Homogenous migration is often referred as AS-IS migration because we keep the target system configuration same as source system.




Important points to note: 

    • As rule of thumb, if SAP kernel type is not changing on the target system, then this type of migration falls under homogenous migration.
    • In homogenous migration, OS and Database type remains same in source and target system; however, their version may differ. For example, 
      • Source and target database is HANA but source is on HANA1.0 and target on HANA 2.0.
      • Source and target OS is SUSE Linux, but target OS SUSE version is higher.
      • Source OS version: Windows 2008, target OS version: Windows 2012 R2.
    • Change OS from SUSE Linux x86_64 to RedHat Linux x86_64 (or vice versa) is considered as homogenous migration as both are Linux based.
    • Hardware architecture of source and target server must be same. Thus, homogeneous migration is only possible with the following operating system platforms:

                                            Table 1: Source hardware type vs target in homogenous migration

                 Note: Endianness means the order in which a sequence of bytes is stored in the                                                         computer memory. For more information, see SAP Note 552464.

    • For homogenous migration, DB dependent method (backup/restore, HANA system replication in case of HANA DB, etc.…) or DB independent method (export/import) can be used.
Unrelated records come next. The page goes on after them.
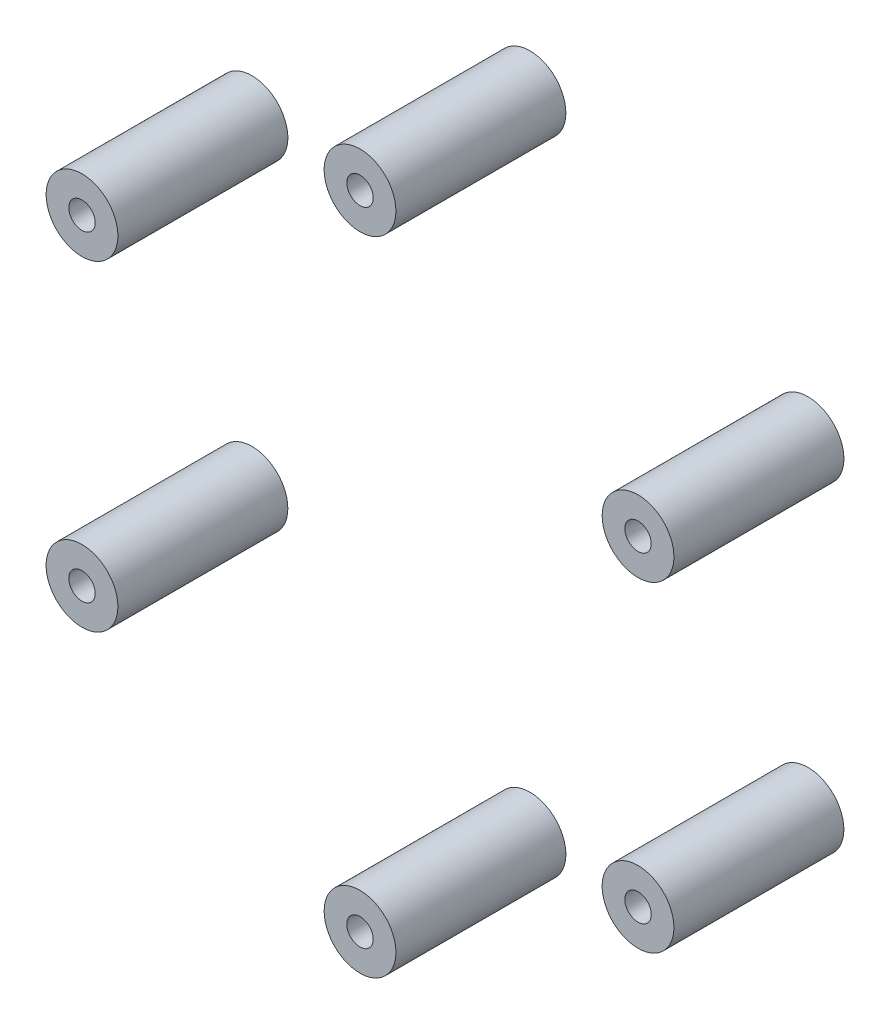
from build123d import *

# Parameters (mm, degrees)
SCREW_HOLE_R        = 3.8
SCREW_HOLE_R_2      = 1.4
BOSS_EXTRUDE1_DEPTH = 9
CIRPATTERN1_COUNT   = 6


with BuildPart() as part:
    # Screw Hole → Boss-Extrude1 (new, symmetric)
    with BuildSketch(Plane.XY):
        with Locations((0, 34)):
            Circle(SCREW_HOLE_R)
        with Locations((0, 34)):
            Circle(SCREW_HOLE_R_2, mode=Mode.SUBTRACT)
    extrude(amount=BOSS_EXTRUDE1_DEPTH, both=True)


with BuildPart() as cirpattern1_1:
    # CirPattern1: pattern copy
    add(part.part.rotate(Axis((0, 0, 0), (0, 0, 1)), 1 * 360 / CIRPATTERN1_COUNT))


with BuildPart() as cirpattern1_2:
    # CirPattern1: pattern copy
    add(part.part.rotate(Axis((0, 0, 0), (0, 0, 1)), 2 * 360 / CIRPATTERN1_COUNT))


with BuildPart() as cirpattern1_3:
    # CirPattern1: pattern copy
    add(part.part.rotate(Axis((0, 0, 0), (0, 0, 1)), 3 * 360 / CIRPATTERN1_COUNT))


with BuildPart() as cirpattern1_4:
    # CirPattern1: pattern copy
    add(part.part.rotate(Axis((0, 0, 0), (0, 0, 1)), 4 * 360 / CIRPATTERN1_COUNT))


with BuildPart() as cirpattern1_5:
    # CirPattern1: pattern copy
    add(part.part.rotate(Axis((0, 0, 0), (0, 0, 1)), 5 * 360 / CIRPATTERN1_COUNT))


solid = Compound([part.part, cirpattern1_1.part, cirpattern1_2.part, cirpattern1_3.part, cirpattern1_4.part, cirpattern1_5.part])
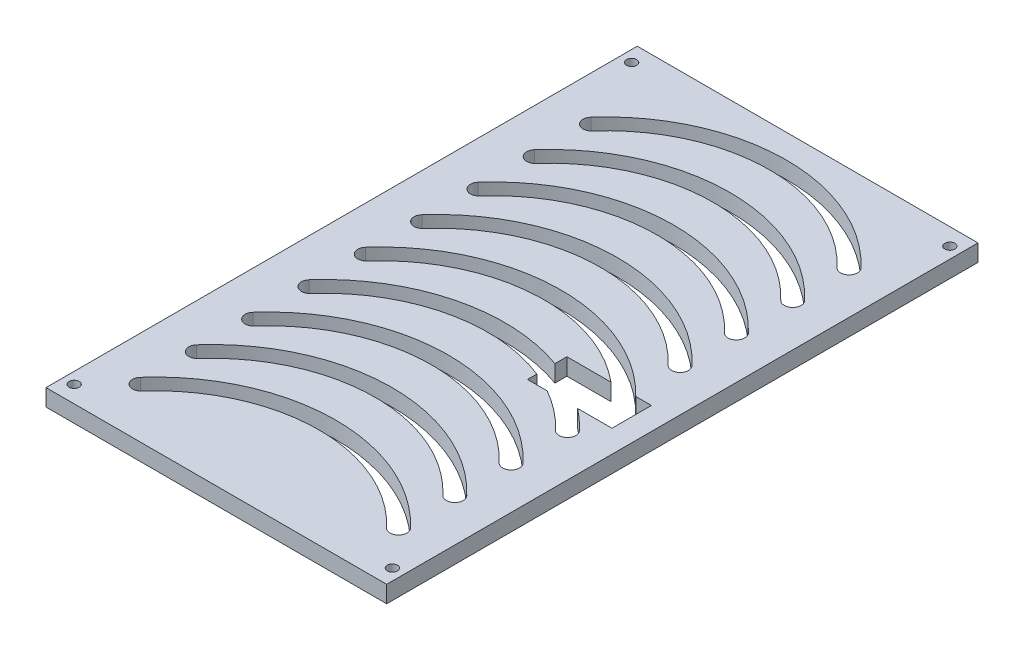
from build123d import *

# Parameters (mm, degrees)
SKETCH1_W           = 60.5
SKETCH1_H           = 105
BOSS_EXTRUDE1_DEPTH = 3
SKETCH2_R           = 0.9
CUT_EXTRUDE1_DEPTH  = 3
SKETCH4_R           = 0.9
CUT_EXTRUDE2_DEPTH  = 3
SKETCH5_W           = 15
SKETCH5_H           = 7
CUT_EXTRUDE3_DEPTH  = 3
CUT_EXTRUDE4_DEPTH  = 3


with BuildPart() as part:
    # Sketch1 → Boss-Extrude1 (new body)
    with BuildSketch(Plane(origin=(0, 0, 0), x_dir=(1, 0, 0), z_dir=(0, 1, 0))):
        Rectangle(SKETCH1_W, SKETCH1_H)
    extrude(amount=BOSS_EXTRUDE1_DEPTH)

    # Sketch2 → Cut-Extrude1 (cut)
    with BuildSketch(Plane(origin=(0, 3, 0), x_dir=(1, 0, 0), z_dir=(0, 1, 0))):
        with Locations((-28.25, 49.5)):
            Circle(SKETCH2_R)
        with Locations((28.25, 49.5)):
            Circle(SKETCH2_R)
    extrude(amount=-CUT_EXTRUDE1_DEPTH, mode=Mode.SUBTRACT)

    # Sketch4 → Cut-Extrude2 (cut)
    with BuildSketch(Plane(origin=(0, 3, 0), x_dir=(1, 0, 0), z_dir=(0, 1, 0))):
        with Locations((-28.25, -49.5)):
            Circle(SKETCH4_R)
        with Locations((28.25, -49.5)):
            Circle(SKETCH4_R)
    extrude(amount=-CUT_EXTRUDE2_DEPTH, mode=Mode.SUBTRACT)

    # Sketch5 → Cut-Extrude3 (cut)
    with BuildSketch(Plane(origin=(0, 3, 0), x_dir=(1, 0, 0), z_dir=(0, 1, 0))):
        with Locations((18.75, -5)):
            Rectangle(SKETCH5_W, SKETCH5_H)
    extrude(amount=-CUT_EXTRUDE3_DEPTH, mode=Mode.SUBTRACT)

    # Sketch6 → Cut-Extrude4 (cut)
    with BuildSketch(Plane(origin=(0, 3, 0), x_dir=(1, 0, 0), z_dir=(0, 1, 0))):
        with BuildLine():
            ThreePointArc((23.75286773, 38.214829885), (-0.024201003, 48.23018139), (-23.465757765, 37.452905298))
            ThreePointArc((-23.465757765, 37.452905298), (-23.337849069, 35.335444704), (-21.220388476, 35.4633534))
            ThreePointArc((-21.220388476, 35.4633534), (0.024201003, 45.230571874), (21.572857921, 36.153869615))
            ThreePointArc((21.572857921, 36.153869615), (23.693342961, 36.094344845), (23.75286773, 38.214829885))
        make_face()
        with BuildLine():
            ThreePointArc((23.75286773, 28.214829885), (-0.024201003, 38.23018139), (-23.465757765, 27.452905298))
            ThreePointArc((-23.465757765, 27.452905298), (-23.337849069, 25.335444704), (-21.220388476, 25.4633534))
            ThreePointArc((-21.220388476, 25.4633534), (0.024201003, 35.230571874), (21.572857921, 26.153869615))
            ThreePointArc((21.572857921, 26.153869615), (23.693342961, 26.094344845), (23.75286773, 28.214829885))
        make_face()
        with BuildLine():
            ThreePointArc((23.75286773, 18.214829885), (-0.024201003, 28.23018139), (-23.465757765, 17.452905298))
            ThreePointArc((-23.465757765, 17.452905298), (-23.337849069, 15.335444704), (-21.220388476, 15.4633534))
            ThreePointArc((-21.220388476, 15.4633534), (0.024201003, 25.230571874), (21.572857921, 16.153869615))
            ThreePointArc((21.572857921, 16.153869615), (23.693342961, 16.094344845), (23.75286773, 18.214829885))
        make_face()
        with BuildLine():
            ThreePointArc((23.75286773, 8.214829885), (-0.024201003, 18.23018139), (-23.465757765, 7.452905298))
            ThreePointArc((-23.465757765, 7.452905298), (-23.337849069, 5.335444704), (-21.220388476, 5.4633534))
            ThreePointArc((-21.220388476, 5.4633534), (0.024201003, 15.230571874), (21.572857921, 6.153869615))
            ThreePointArc((21.572857921, 6.153869615), (23.693342961, 6.094344845), (23.75286773, 8.214829885))
        make_face()
        with BuildLine():
            ThreePointArc((23.75286773, -1.785170115), (-0.024201003, 8.23018139), (-23.465757765, -2.547094702))
            ThreePointArc((-23.465757765, -2.547094702), (-23.337849069, -4.664555296), (-21.220388476, -4.5366466))
            ThreePointArc((-21.220388476, -4.5366466), (0.024201003, 5.230571874), (21.572857921, -3.846130385))
            ThreePointArc((21.572857921, -3.846130385), (23.693342961, -3.905655155), (23.75286773, -1.785170115))
        make_face()
        with BuildLine():
            ThreePointArc((23.75286773, -11.785170115), (-0.024201003, -1.76981861), (-23.465757765, -12.547094702))
            ThreePointArc((-23.465757765, -12.547094702), (-23.337849069, -14.664555296), (-21.220388476, -14.5366466))
            ThreePointArc((-21.220388476, -14.5366466), (0.024201003, -4.769428126), (21.572857921, -13.846130385))
            ThreePointArc((21.572857921, -13.846130385), (23.693342961, -13.905655155), (23.75286773, -11.785170115))
        make_face()
        with BuildLine():
            ThreePointArc((23.75286773, -21.785170115), (-0.024201003, -11.76981861), (-23.465757765, -22.547094702))
            ThreePointArc((-23.465757765, -22.547094702), (-23.337849069, -24.664555296), (-21.220388476, -24.5366466))
            ThreePointArc((-21.220388476, -24.5366466), (0.024201003, -14.769428126), (21.572857921, -23.846130385))
            ThreePointArc((21.572857921, -23.846130385), (23.693342961, -23.905655155), (23.75286773, -21.785170115))
        make_face()
        with BuildLine():
            ThreePointArc((23.75286773, -31.785170115), (-0.024201003, -21.76981861), (-23.465757765, -32.547094702))
            ThreePointArc((-23.465757765, -32.547094702), (-23.337849069, -34.664555296), (-21.220388476, -34.5366466))
            ThreePointArc((-21.220388476, -34.5366466), (0.024201003, -24.769428126), (21.572857921, -33.846130385))
            ThreePointArc((21.572857921, -33.846130385), (23.693342961, -33.905655155), (23.75286773, -31.785170115))
        make_face()
        with BuildLine():
            ThreePointArc((23.75286773, -41.785170115), (-0.024201003, -31.76981861), (-23.465757765, -42.547094702))
            ThreePointArc((-23.465757765, -42.547094702), (-23.337849069, -44.664555296), (-21.220388476, -44.5366466))
            ThreePointArc((-21.220388476, -44.5366466), (0.024201003, -34.769428126), (21.572857921, -43.846130385))
            ThreePointArc((21.572857921, -43.846130385), (23.693342961, -43.905655155), (23.75286773, -41.785170115))
        make_face()
    extrude(amount=-CUT_EXTRUDE4_DEPTH, mode=Mode.SUBTRACT)


solid = part.part

We will discuss homogenous migration in detail in upcoming blog.


Examples of homogenous migration: 


    • Shift from on-premises physical hardware or virtual infrastructure to virtualised environment on cloud or another datacenter but keeping OS, DB same.
    • Migrating system from old hardware (e.g., HP RX2800) which is not supported for S/4 HANA to new hardware (e.g., Superdome Flex 280) supported by S/4HANA
    • Conversion from on-premise ECC on HANA to S/4HANA cloud.
    • HANA Migration from scale-up server to scale-out server
    • Migration of SAP HANA from an existing AWS EC2 instance to an EC2 High Memory instance. Similar migration in other cloud providers like Azure and GCP.

2. Heterogenous migration: When an SAP system is moved to new hardware of similar or different architecture while changing either operating system or database or both.

Heterogenous migration is often referred as OS/DB migration.

 



                                                                    *Target has OS/DB/Hardware different than source


Important points to note: 


    • As rule of thumb, if SAP kernel type has to be changed on the target system, then this type of migration falls under heterogenous migration.
    • Hardware architecture of source or target can be different. For any combination other than table 1 shown in homogenous migration section, heterogenous migration is mandatory.
    • For Heterogeneous migration, DB independent method (export/import) is necessary. Also, migration key must be entered into the migration tool. Each OS/DB Migration requires its own key. It is assigned on the basis of the installation number and additional system-specific information. We will discuss heterogenous migration in detail in upcoming blog.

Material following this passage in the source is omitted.